- Exercise goal -
Leave out the pictures and restate every entry word for word.

[Records for processing Boundary: Start]

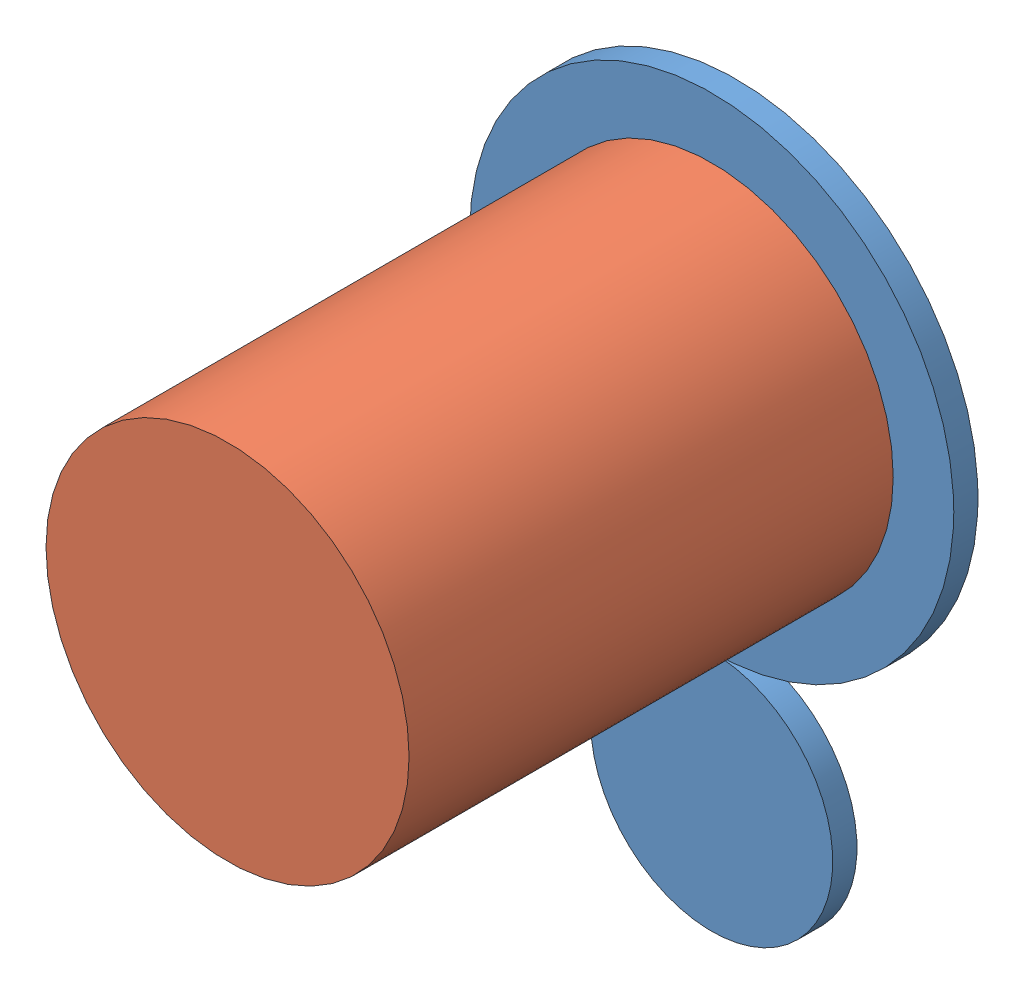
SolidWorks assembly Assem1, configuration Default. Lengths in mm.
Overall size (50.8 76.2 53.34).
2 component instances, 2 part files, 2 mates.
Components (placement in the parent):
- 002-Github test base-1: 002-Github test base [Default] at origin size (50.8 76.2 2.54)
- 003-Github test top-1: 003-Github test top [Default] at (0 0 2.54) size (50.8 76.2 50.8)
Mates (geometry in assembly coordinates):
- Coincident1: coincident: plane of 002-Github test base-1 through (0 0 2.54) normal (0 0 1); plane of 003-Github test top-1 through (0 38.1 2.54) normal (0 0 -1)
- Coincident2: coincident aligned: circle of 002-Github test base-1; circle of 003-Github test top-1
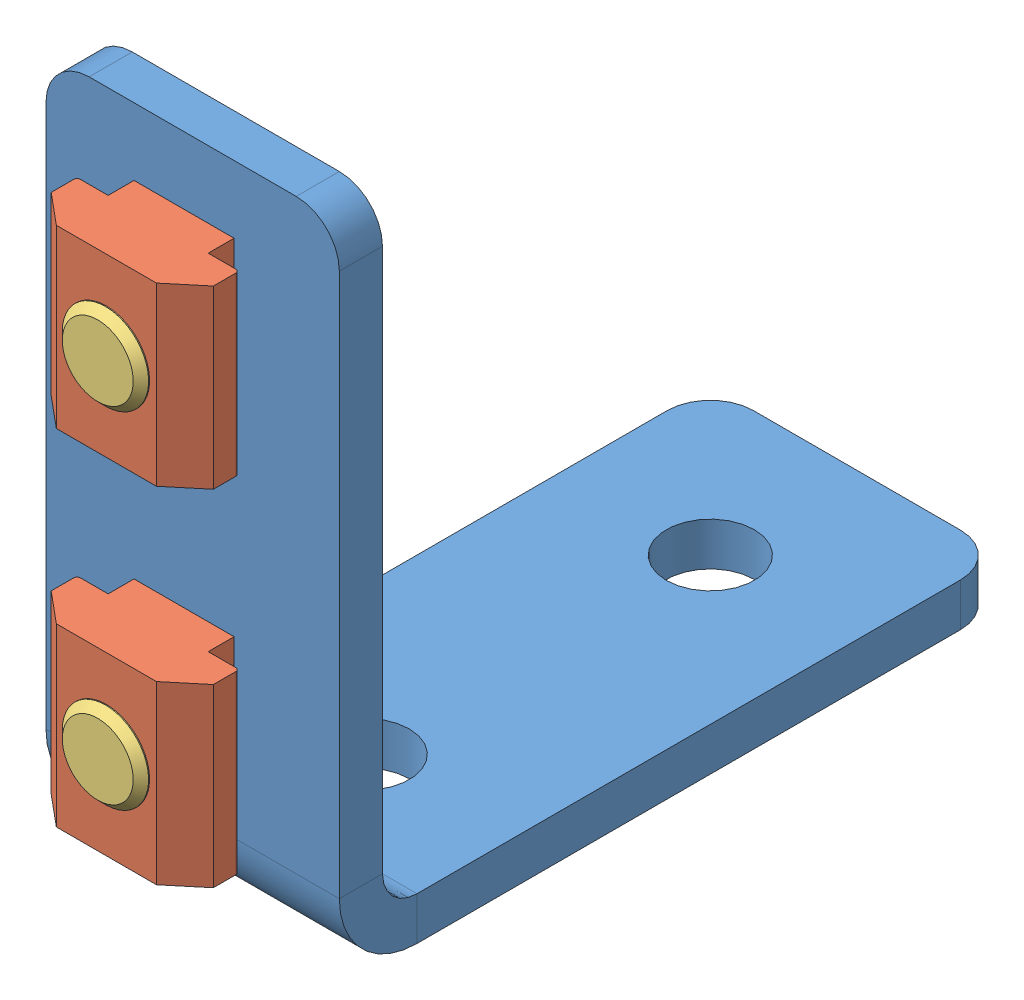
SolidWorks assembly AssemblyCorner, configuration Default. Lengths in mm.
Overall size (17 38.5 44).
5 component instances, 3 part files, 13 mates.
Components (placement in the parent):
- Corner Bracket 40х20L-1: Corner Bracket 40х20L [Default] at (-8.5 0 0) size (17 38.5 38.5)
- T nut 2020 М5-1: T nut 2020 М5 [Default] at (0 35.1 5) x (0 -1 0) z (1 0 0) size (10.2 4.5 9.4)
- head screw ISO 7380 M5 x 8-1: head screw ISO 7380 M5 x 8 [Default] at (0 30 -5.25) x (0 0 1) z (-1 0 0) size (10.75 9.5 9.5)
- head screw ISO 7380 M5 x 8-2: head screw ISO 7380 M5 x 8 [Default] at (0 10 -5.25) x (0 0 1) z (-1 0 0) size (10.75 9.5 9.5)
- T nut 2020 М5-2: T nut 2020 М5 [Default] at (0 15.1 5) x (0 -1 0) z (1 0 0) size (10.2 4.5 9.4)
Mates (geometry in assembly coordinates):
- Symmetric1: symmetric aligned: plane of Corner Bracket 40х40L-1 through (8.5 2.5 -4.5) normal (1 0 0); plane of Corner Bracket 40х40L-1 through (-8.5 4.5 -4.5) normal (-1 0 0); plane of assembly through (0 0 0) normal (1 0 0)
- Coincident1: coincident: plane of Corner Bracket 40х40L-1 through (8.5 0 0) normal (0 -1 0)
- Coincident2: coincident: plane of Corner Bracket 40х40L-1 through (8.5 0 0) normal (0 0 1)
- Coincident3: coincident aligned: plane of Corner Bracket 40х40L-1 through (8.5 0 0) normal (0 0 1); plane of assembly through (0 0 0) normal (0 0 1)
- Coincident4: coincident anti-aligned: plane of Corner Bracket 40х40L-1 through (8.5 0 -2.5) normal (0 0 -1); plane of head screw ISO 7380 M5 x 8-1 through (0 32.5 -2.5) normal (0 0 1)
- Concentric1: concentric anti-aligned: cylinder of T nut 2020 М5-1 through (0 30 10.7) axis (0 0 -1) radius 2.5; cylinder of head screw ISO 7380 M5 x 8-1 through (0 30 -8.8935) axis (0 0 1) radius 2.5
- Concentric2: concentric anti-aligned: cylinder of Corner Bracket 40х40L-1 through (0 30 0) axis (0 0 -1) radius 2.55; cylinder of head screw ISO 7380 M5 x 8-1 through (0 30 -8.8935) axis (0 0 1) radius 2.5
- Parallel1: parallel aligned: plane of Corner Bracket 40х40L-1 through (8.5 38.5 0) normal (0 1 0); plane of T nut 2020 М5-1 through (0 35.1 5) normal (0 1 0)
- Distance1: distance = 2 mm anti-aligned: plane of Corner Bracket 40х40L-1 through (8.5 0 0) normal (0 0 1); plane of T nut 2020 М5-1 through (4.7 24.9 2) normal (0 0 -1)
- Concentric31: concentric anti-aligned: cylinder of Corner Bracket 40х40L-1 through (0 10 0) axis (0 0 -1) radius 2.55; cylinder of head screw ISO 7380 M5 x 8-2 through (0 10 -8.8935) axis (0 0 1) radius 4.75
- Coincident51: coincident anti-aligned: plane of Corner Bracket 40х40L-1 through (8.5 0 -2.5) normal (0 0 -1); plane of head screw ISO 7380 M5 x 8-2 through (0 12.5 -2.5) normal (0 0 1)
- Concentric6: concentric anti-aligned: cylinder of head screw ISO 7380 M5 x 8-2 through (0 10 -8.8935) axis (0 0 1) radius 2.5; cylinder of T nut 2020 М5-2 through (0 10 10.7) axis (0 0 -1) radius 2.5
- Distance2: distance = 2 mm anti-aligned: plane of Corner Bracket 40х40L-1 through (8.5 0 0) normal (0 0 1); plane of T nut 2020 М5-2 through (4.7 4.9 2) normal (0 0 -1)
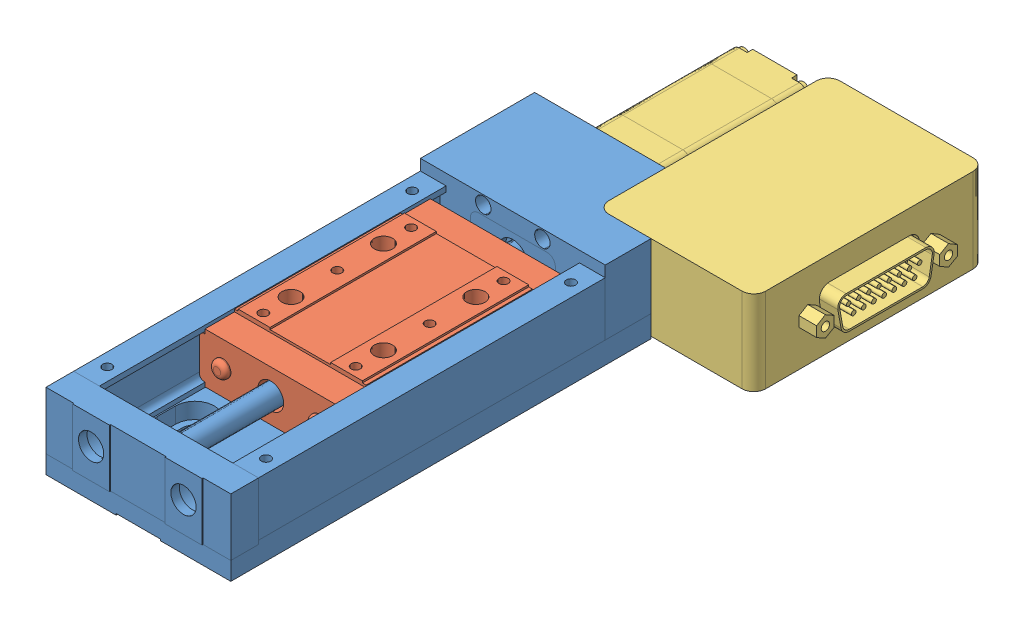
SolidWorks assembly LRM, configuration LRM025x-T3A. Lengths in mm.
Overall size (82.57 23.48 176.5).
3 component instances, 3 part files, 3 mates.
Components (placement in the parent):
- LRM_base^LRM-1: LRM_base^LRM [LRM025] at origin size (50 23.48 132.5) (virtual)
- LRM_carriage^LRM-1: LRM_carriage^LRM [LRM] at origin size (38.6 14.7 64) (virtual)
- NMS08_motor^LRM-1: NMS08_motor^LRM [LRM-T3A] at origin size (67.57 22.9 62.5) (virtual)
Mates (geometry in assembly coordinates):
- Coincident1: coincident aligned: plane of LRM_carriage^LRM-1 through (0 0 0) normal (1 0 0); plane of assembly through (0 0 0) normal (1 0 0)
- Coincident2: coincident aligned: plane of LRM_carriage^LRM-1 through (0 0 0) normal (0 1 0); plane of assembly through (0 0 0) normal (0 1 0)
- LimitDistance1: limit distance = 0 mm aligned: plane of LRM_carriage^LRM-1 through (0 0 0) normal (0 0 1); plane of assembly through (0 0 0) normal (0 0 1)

[Records for processing Boundary: End]

- Your solution -
SolidWorks assembly Assem1, configuration Default. Lengths in mm.
Overall size (50.8 76.2 53.34).
2 component instances, 2 part files, 2 mates.
Components (placement in the parent):
- 002-Github test base-1: 002-Github test base [Default] at origin size (50.8 76.2 2.54)
- 003-Github test top-1: 003-Github test top [Default] at (0 0 2.54) size (50.8 76.2 50.8)
Mates (geometry in assembly coordinates):
- Coincident1: coincident: plane of 002-Github test base-1 through (0 0 2.54) normal (0 0 1); plane of 003-Github test top-1 through (0 38.1 2.54) normal (0 0 -1)
- Coincident2: coincident aligned: circle of 002-Github test base-1; circle of 003-Github test top-1
SolidWorks assembly AssemblyCorner, configuration Default. Lengths in mm.
Overall size (17 38.5 44).
5 component instances, 3 part files, 13 mates.
Components (placement in the parent):
- Corner Bracket 40х20L-1: Corner Bracket 40х20L [Default] at (-8.5 0 0) size (17 38.5 38.5)
- T nut 2020 М5-1: T nut 2020 М5 [Default] at (0 35.1 5) x (0 -1 0) z (1 0 0) size (10.2 4.5 9.4)
- head screw ISO 7380 M5 x 8-1: head screw ISO 7380 M5 x 8 [Default] at (0 30 -5.25) x (0 0 1) z (-1 0 0) size (10.75 9.5 9.5)
- head screw ISO 7380 M5 x 8-2: head screw ISO 7380 M5 x 8 [Default] at (0 10 -5.25) x (0 0 1) z (-1 0 0) size (10.75 9.5 9.5)
- T nut 2020 М5-2: T nut 2020 М5 [Default] at (0 15.1 5) x (0 -1 0) z (1 0 0) size (10.2 4.5 9.4)
Mates (geometry in assembly coordinates):
- Symmetric1: symmetric aligned: plane of Corner Bracket 40х40L-1 through (8.5 2.5 -4.5) normal (1 0 0); plane of Corner Bracket 40х40L-1 through (-8.5 4.5 -4.5) normal (-1 0 0); plane of assembly through (0 0 0) normal (1 0 0)
- Coincident1: coincident: plane of Corner Bracket 40х40L-1 through (8.5 0 0) normal (0 -1 0)
- Coincident2: coincident: plane of Corner Bracket 40х40L-1 through (8.5 0 0) normal (0 0 1)
- Coincident3: coincident aligned: plane of Corner Bracket 40х40L-1 through (8.5 0 0) normal (0 0 1); plane of assembly through (0 0 0) normal (0 0 1)
- Coincident4: coincident anti-aligned: plane of Corner Bracket 40х40L-1 through (8.5 0 -2.5) normal (0 0 -1); plane of head screw ISO 7380 M5 x 8-1 through (0 32.5 -2.5) normal (0 0 1)
- Concentric1: concentric anti-aligned: cylinder of T nut 2020 М5-1 through (0 30 10.7) axis (0 0 -1) radius 2.5; cylinder of head screw ISO 7380 M5 x 8-1 through (0 30 -8.8935) axis (0 0 1) radius 2.5
- Concentric2: concentric anti-aligned: cylinder of Corner Bracket 40х40L-1 through (0 30 0) axis (0 0 -1) radius 2.55; cylinder of head screw ISO 7380 M5 x 8-1 through (0 30 -8.8935) axis (0 0 1) radius 2.5
- Parallel1: parallel aligned: plane of Corner Bracket 40х40L-1 through (8.5 38.5 0) normal (0 1 0); plane of T nut 2020 М5-1 through (0 35.1 5) normal (0 1 0)
- Distance1: distance = 2 mm anti-aligned: plane of Corner Bracket 40х40L-1 through (8.5 0 0) normal (0 0 1); plane of T nut 2020 М5-1 through (4.7 24.9 2) normal (0 0 -1)
- Concentric31: concentric anti-aligned: cylinder of Corner Bracket 40х40L-1 through (0 10 0) axis (0 0 -1) radius 2.55; cylinder of head screw ISO 7380 M5 x 8-2 through (0 10 -8.8935) axis (0 0 1) radius 4.75
- Coincident51: coincident anti-aligned: plane of Corner Bracket 40х40L-1 through (8.5 0 -2.5) normal (0 0 -1); plane of head screw ISO 7380 M5 x 8-2 through (0 12.5 -2.5) normal (0 0 1)
- Concentric6: concentric anti-aligned: cylinder of head screw ISO 7380 M5 x 8-2 through (0 10 -8.8935) axis (0 0 1) radius 2.5; cylinder of T nut 2020 М5-2 through (0 10 10.7) axis (0 0 -1) radius 2.5
- Distance2: distance = 2 mm anti-aligned: plane of Corner Bracket 40х40L-1 through (8.5 0 0) normal (0 0 1); plane of T nut 2020 М5-2 through (4.7 4.9 2) normal (0 0 -1)
SolidWorks assembly LRM, configuration LRM025x-T3A. Lengths in mm.
Overall size (82.57 23.48 176.5).
3 component instances, 3 part files, 3 mates.
Components (placement in the parent):
- LRM_base^LRM-1: LRM_base^LRM [LRM025] at origin size (50 23.48 132.5) (virtual)
- LRM_carriage^LRM-1: LRM_carriage^LRM [LRM] at origin size (38.6 14.7 64) (virtual)
- NMS08_motor^LRM-1: NMS08_motor^LRM [LRM-T3A] at origin size (67.57 22.9 62.5) (virtual)
Mates (geometry in assembly coordinates):
- Coincident1: coincident aligned: plane of LRM_carriage^LRM-1 through (0 0 0) normal (1 0 0); plane of assembly through (0 0 0) normal (1 0 0)
- Coincident2: coincident aligned: plane of LRM_carriage^LRM-1 through (0 0 0) normal (0 1 0); plane of assembly through (0 0 0) normal (0 1 0)
- LimitDistance1: limit distance = 0 mm aligned: plane of LRM_carriage^LRM-1 through (0 0 0) normal (0 0 1); plane of assembly through (0 0 0) normal (0 0 1)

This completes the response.